#### [WHAT THE TASK REQUIRES]
Please return all lines from the records below that include the string "unnamed".

[Stored data]
────────────────────────────────────────
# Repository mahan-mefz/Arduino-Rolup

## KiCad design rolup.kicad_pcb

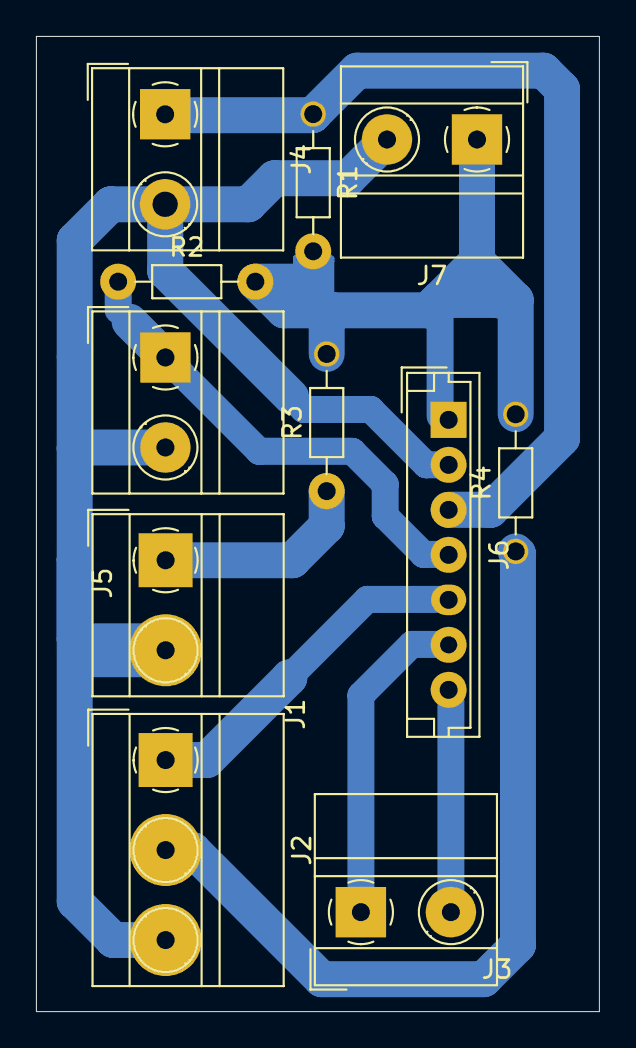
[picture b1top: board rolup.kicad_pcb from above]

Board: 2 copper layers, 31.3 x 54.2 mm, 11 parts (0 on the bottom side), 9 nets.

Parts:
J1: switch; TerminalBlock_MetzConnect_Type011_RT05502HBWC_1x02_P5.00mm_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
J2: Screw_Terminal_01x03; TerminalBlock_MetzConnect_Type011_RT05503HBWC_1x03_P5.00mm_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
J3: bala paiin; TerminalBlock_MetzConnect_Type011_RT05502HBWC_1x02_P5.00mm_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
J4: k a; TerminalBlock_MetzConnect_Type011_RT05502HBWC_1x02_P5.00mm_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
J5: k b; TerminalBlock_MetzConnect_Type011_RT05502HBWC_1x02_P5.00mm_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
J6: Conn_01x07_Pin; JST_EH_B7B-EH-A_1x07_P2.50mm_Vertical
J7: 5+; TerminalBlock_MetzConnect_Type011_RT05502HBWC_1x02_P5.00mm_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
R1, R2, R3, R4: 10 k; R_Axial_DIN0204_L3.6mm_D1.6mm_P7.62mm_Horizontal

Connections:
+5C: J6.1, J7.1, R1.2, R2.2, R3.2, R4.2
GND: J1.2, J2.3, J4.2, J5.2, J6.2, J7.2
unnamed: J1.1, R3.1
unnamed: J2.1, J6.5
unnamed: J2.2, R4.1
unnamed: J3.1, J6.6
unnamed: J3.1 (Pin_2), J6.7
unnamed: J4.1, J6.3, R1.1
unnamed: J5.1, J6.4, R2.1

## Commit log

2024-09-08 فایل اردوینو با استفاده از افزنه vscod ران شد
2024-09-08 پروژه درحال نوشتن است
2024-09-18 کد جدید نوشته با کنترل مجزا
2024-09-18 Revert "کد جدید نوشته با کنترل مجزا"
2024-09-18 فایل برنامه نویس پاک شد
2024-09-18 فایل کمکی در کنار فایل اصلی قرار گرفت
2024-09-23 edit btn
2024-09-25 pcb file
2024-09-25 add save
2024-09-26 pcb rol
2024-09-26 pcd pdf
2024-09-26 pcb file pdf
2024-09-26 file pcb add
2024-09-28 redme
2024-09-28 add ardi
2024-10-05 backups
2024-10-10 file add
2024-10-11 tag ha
────────────────────────────────────────
#### [EXERCISE RESULT]
unnamed: J1.1, R3.1
unnamed: J2.1, J6.5
unnamed: J2.2, R4.1
unnamed: J3.1, J6.6
unnamed: J3.1 (Pin_2), J6.7
unnamed: J4.1, J6.3, R1.1
unnamed: J5.1, J6.4, R2.1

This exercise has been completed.